Pintor peruano afincado en Estados Unidos.

William Cordova (nacido en 1969) es un artista interdisciplinario que actualmente reside entre Lima, Perú, North Miami Beach, FL y Nueva York.

William Cordova recibió un BFA de The School of the Art Institute of Chicago en 1996 y luego recibió un MFA de la Universidad de Yale en 2004. Se graduó de Miami Central High School en 1988 y estudió Artes Visuales en Miami Dade Community College (North Campus) de 1991 a 1994.

William Cordova ha sido artista residente en The Studio Museum en Harlem, American Academy en Berlín, Alemania, Museo de Bellas Artes en el programa CORE de Houston, Headlands Center for the Arts , Artpace, Skowhegan School of Painting & Sculpture, Lower Manhattan Cultural Council entre otros. Ha expuesto en Estados Unidos, Latinoamérica, Europa y Asia. 

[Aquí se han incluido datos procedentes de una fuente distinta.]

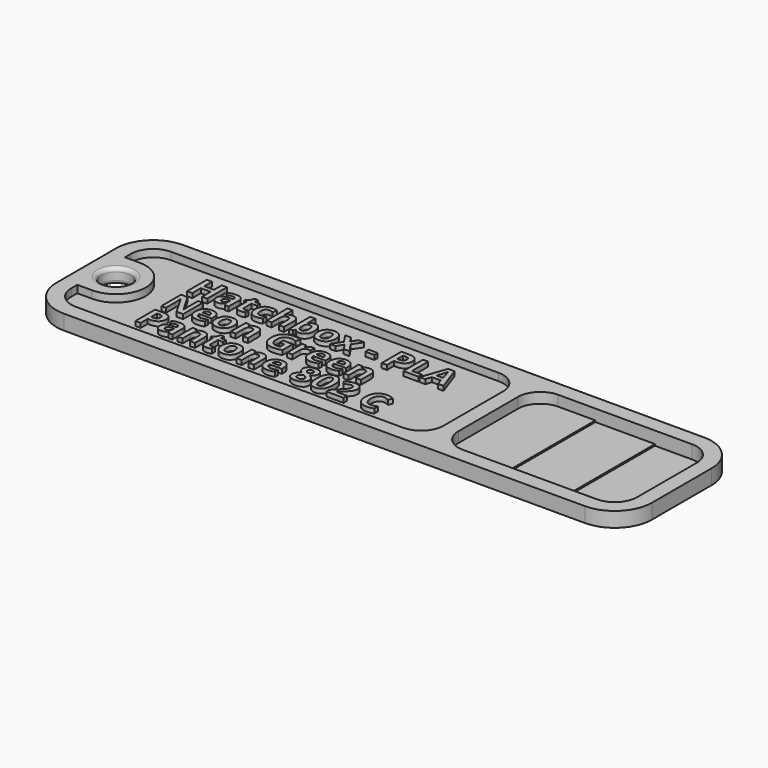
from build123d import *

# Parameters (mm, degrees)
F1_DEPTH      = 2
F3_DEPTH      = 1
F4_R          = 2
F5_DEPTH      = 2.001
F6_R          = 0.5
F7_DEPTH      = 0.4
F9_DEPTH      = 0.2
F11_DEPTH     = 0.2
F12_TEXT_SIZE = 4.6296296296
F13_DEPTH     = 0.6


# Not quite as in the source:
# - Text() gives the source's letters only with a copy of the font that has no kerning and outlines rounded to 1/6400 em; it was checked with that copy


with BuildPart() as f1:
    # F0 (on Top) → F1 (new body)
    with BuildSketch(Plane.XY):
        with BuildLine():
            ThreePointArc((40, 5), (38.5355339059, 8.5355339059), (35, 10))
            Line((35, 10), (-35, 10))
            ThreePointArc((-35, 10), (-38.5355339059, 8.5355339059), (-40, 5))
            Line((-40, 5), (-40, -5))
            ThreePointArc((-40, -5), (-38.5355339059, -8.5355339059), (-35, -10))
            Line((-35, -10), (35, -10))
            ThreePointArc((35, -10), (38.5355339059, -8.5355339059), (40, -5))
            Line((40, -5), (40, 5))
        make_face()
    extrude(amount=F1_DEPTH)

    # F2 (on face) → F3 (cut)
    with BuildSketch(Plane.XY.offset(2)):
        with BuildLine():
            ThreePointArc((35, -8), (37.1213203436, -7.1213203436), (38, -5))
            Line((38, -5), (38, 5))
            ThreePointArc((38, 5), (37.1213203436, 7.1213203436), (35, 8))
            Line((35, 8), (17, 8))
            ThreePointArc((17, 8), (14.8786796564, 7.1213203436), (14, 5))
            Line((14, 5), (14, -5))
            ThreePointArc((14, -5), (14.8786796564, -7.1213203436), (17, -8))
            Line((17, -8), (35, -8))
        make_face()
        with BuildLine():
            ThreePointArc((-38, -5), (-37.1213203436, -7.1213203436), (-35, -8))
            Line((-35, -8), (9, -8))
            ThreePointArc((9, -8), (11.1213203436, -7.1213203436), (12, -5))
            Line((12, -5), (12, 5))
            ThreePointArc((12, 5), (11.1213203436, 7.1213203436), (9, 8))
            Line((9, 8), (-35, 8))
            ThreePointArc((-35, 8), (-37.1213203436, 7.1213203436), (-38, 5))
            Line((-38, 5), (-38, 4))
            Line((-38, 4), (-36, 4))
            ThreePointArc((-36, 4), (-32, 0), (-36, -4))
            Line((-36, -4), (-38, -4))
            Line((-38, -4), (-38, -5))
        make_face()
    extrude(amount=-F3_DEPTH, mode=Mode.SUBTRACT)

    # F4 (on face) → F5 (cut, through all)
    with BuildSketch(Plane.XY.offset(2)):
        with Locations((-36, 0)):
            Circle(F4_R)
    extrude(amount=-F5_DEPTH, mode=Mode.SUBTRACT)

    # F6
    f6_edges = [f1.edges().sort_by_distance(p)[0] for p in [
        (-38, 0, 2),
        (-38, 0, 0),
    ]]
    fillet(f6_edges, radius=F6_R)

    # F7 (cut): a face of the model
    f7_faces = [f1.faces().sort_by_distance(p)[0] for p in [
        (26, 0, 1),
    ]]
    extrude(f7_faces, amount=-F7_DEPTH, mode=Mode.SUBTRACT)

    # F8 (on face) → F9 (cut)
    with BuildSketch(Plane.XY.offset(0.6)):
        with BuildLine():
            Line((22, -8), (35, -8))
            ThreePointArc((35, -8), (37.1213203436, -7.1213203436), (38, -5))
            Line((38, -5), (38, 5))
            ThreePointArc((38, 5), (37.1213203436, 7.1213203436), (35, 8))
            Line((35, 8), (22, 8))
            Line((22, 8), (22, -8))
        make_face()
    extrude(amount=-F9_DEPTH, mode=Mode.SUBTRACT)

    # F10 (on face) → F11 (cut)
    with BuildSketch(Plane.XY.offset(0.4)):
        with BuildLine():
            ThreePointArc((38, 5), (37.1213203436, 7.1213203436), (35, 8))
            Line((35, 8), (30, 8))
            Line((30, 8), (30, -8))
            Line((30, -8), (35, -8))
            ThreePointArc((35, -8), (37.1213203436, -7.1213203436), (38, -5))
            Line((38, -5), (38, 5))
        make_face()
    extrude(amount=-F11_DEPTH, mode=Mode.SUBTRACT)

    # F12 (on face) → F13 (join)
    with BuildSketch(Plane.XY.offset(1)):
        with Locations((-29, 2.6666666667)):
            Text('Hatchbox - PLA', F12_TEXT_SIZE, font='Open Sans', font_style=FontStyle.BOLD, text_align=(TextAlign.LEFT, TextAlign.BOTTOM))
        with Locations((-29, -1.6666666667)):
            Text('Neon Green', F12_TEXT_SIZE, font='Open Sans', font_style=FontStyle.BOLD, text_align=(TextAlign.LEFT, TextAlign.BOTTOM))
        with Locations((-29, -6)):
            Text('Pantone 802 C', F12_TEXT_SIZE, font='Open Sans', font_style=FontStyle.BOLD, text_align=(TextAlign.LEFT, TextAlign.BOTTOM))
    extrude(amount=F13_DEPTH)


solid = f1.part

Su obra está en la colección pública del Museo Whitney de Arte Americano , Museo Guggenheim , Walker Art Center , Universidad de Harvard , Universidad de Yale , Museo de Arte de Lima , Fundación Ellipse, Museo de Arte Pérez.La Casa de las Américas en La Habana, Cuba entre otros. Córdoba estuvo representada en la Bienal Whitney de 2008,  exposición del Museo de Arte Moderno de 2010 / PS1 Greater New York,  una presentación general de artistas contemporáneos cuyas contribuciones a las artes han tenido una influencia significativa en la sociedad. En 2011, Córdoba fue invitada a su primera exposición individual en un museo en Europa, yawar mallku: realeza, secuestros y exiliados en La Conservera, Murcia, España y también recibió la Beca de la Fundación Joan Mitchell.  Córdova fue incluida en Prospect.3 Bienal de Nueva Orleans en 2014 y en la XII Bienal de La Habana]en 2015 en Casa de Africa, La Habana, Cuba. 

En 2016 incluyó: SITE Santa Fe Biennial, Nuevo México, Southern Accents , Nasher Museum, [Durham, NC. En 2017, Cordova recibió el premio Michael Richards Artist Award otorgado por LMCC, NY y el Florida Prize por el Museo de Orlando,  Orlando, FL.

Las exposiciones individuales incluyen kuntur: transmisiones y portales , la Universidad Estatal de Illinois, IL y su primera exposición de estudios profesionales, ahora es el momento: narrativas de la alquimia del sur , Museo de Arte Pérez; Miami, Florida. Las exposiciones colectivas incluyen Pacha, Llaqta, Wasichay, Whitney Museum of American Art y la 13a Bienal de La Habana, La Habana, Cuba 2019.

 

"La práctica de William Cordova avanza y retrocede en el tiempo, uniendo relaciones aparentemente dispares entre sí y analizando los ecos de la historia a través de los dispositivos de su transmisión. Su trabajo habla de 'discursos excluidos, radicalismos silenciados y prácticas insurgentes' y con esto , sugiere relaciones entre estos momentos pasados ​​y los nuestros, dado que lo que circula en el conocimiento público es siempre ya un retrato inacabado de una cultura "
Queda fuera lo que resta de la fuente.